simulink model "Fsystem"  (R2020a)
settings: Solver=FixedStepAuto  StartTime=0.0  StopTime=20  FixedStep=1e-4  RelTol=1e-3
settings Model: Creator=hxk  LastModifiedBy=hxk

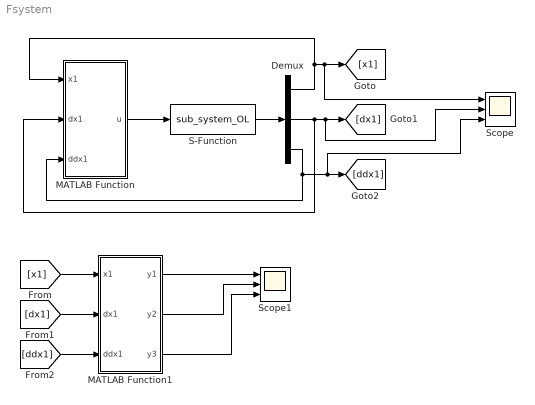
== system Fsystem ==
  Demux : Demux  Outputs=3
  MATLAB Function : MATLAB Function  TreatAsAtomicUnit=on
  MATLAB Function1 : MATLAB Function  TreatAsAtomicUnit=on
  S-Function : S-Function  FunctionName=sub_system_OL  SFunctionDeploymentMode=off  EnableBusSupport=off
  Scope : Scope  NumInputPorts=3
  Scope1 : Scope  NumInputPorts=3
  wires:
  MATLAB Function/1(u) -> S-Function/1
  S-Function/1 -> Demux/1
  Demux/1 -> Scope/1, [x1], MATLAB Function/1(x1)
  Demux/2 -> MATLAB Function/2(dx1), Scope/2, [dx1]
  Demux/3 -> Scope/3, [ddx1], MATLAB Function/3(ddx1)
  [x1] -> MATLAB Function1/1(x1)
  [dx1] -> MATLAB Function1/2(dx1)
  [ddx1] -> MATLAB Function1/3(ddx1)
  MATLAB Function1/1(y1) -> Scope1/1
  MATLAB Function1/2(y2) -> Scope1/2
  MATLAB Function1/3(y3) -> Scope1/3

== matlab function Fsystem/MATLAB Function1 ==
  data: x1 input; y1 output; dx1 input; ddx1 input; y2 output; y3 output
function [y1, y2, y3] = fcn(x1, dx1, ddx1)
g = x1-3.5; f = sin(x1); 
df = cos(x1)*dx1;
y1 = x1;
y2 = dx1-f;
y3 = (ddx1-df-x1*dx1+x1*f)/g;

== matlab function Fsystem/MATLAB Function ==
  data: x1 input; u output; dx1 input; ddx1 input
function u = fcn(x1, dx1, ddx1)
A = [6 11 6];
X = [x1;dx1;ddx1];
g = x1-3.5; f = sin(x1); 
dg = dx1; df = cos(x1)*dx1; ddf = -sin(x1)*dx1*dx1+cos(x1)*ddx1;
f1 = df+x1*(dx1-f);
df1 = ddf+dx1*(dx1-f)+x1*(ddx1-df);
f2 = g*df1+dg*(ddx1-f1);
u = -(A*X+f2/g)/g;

□ □ □ □ □ □ □

Work instructions:
The pictures are not wanted, but every line of the listing should be duplicated exactly.

Written reply:
simulink model "Fsystem"  (R2020a)
settings: Solver=FixedStepAuto  StartTime=0.0  StopTime=20  FixedStep=1e-4  RelTol=1e-3
settings Model: Creator=hxk  LastModifiedBy=hxk

== system Fsystem ==
  Demux : Demux  Outputs=3
  MATLAB Function : MATLAB Function  TreatAsAtomicUnit=on
  MATLAB Function1 : MATLAB Function  TreatAsAtomicUnit=on
  S-Function : S-Function  FunctionName=sub_system_OL  SFunctionDeploymentMode=off  EnableBusSupport=off
  Scope : Scope  NumInputPorts=3
  Scope1 : Scope  NumInputPorts=3
  wires:
  MATLAB Function/1(u) -> S-Function/1
  S-Function/1 -> Demux/1
  Demux/1 -> Scope/1, [x1], MATLAB Function/1(x1)
  Demux/2 -> MATLAB Function/2(dx1), Scope/2, [dx1]
  Demux/3 -> Scope/3, [ddx1], MATLAB Function/3(ddx1)
  [x1] -> MATLAB Function1/1(x1)
  [dx1] -> MATLAB Function1/2(dx1)
  [ddx1] -> MATLAB Function1/3(ddx1)
  MATLAB Function1/1(y1) -> Scope1/1
  MATLAB Function1/2(y2) -> Scope1/2
  MATLAB Function1/3(y3) -> Scope1/3

== matlab function Fsystem/MATLAB Function1 ==
  data: x1 input; y1 output; dx1 input; ddx1 input; y2 output; y3 output
function [y1, y2, y3] = fcn(x1, dx1, ddx1)
g = x1-3.5; f = sin(x1); 
df = cos(x1)*dx1;
y1 = x1;
y2 = dx1-f;
y3 = (ddx1-df-x1*dx1+x1*f)/g;

== matlab function Fsystem/MATLAB Function ==
  data: x1 input; u output; dx1 input; ddx1 input
function u = fcn(x1, dx1, ddx1)
A = [6 11 6];
X = [x1;dx1;ddx1];
g = x1-3.5; f = sin(x1); 
dg = dx1; df = cos(x1)*dx1; ddf = -sin(x1)*dx1*dx1+cos(x1)*ddx1;
f1 = df+x1*(dx1-f);
df1 = ddf+dx1*(dx1-f)+x1*(ddx1-df);
f2 = g*df1+dg*(ddx1-f1);
u = -(A*X+f2/g)/g;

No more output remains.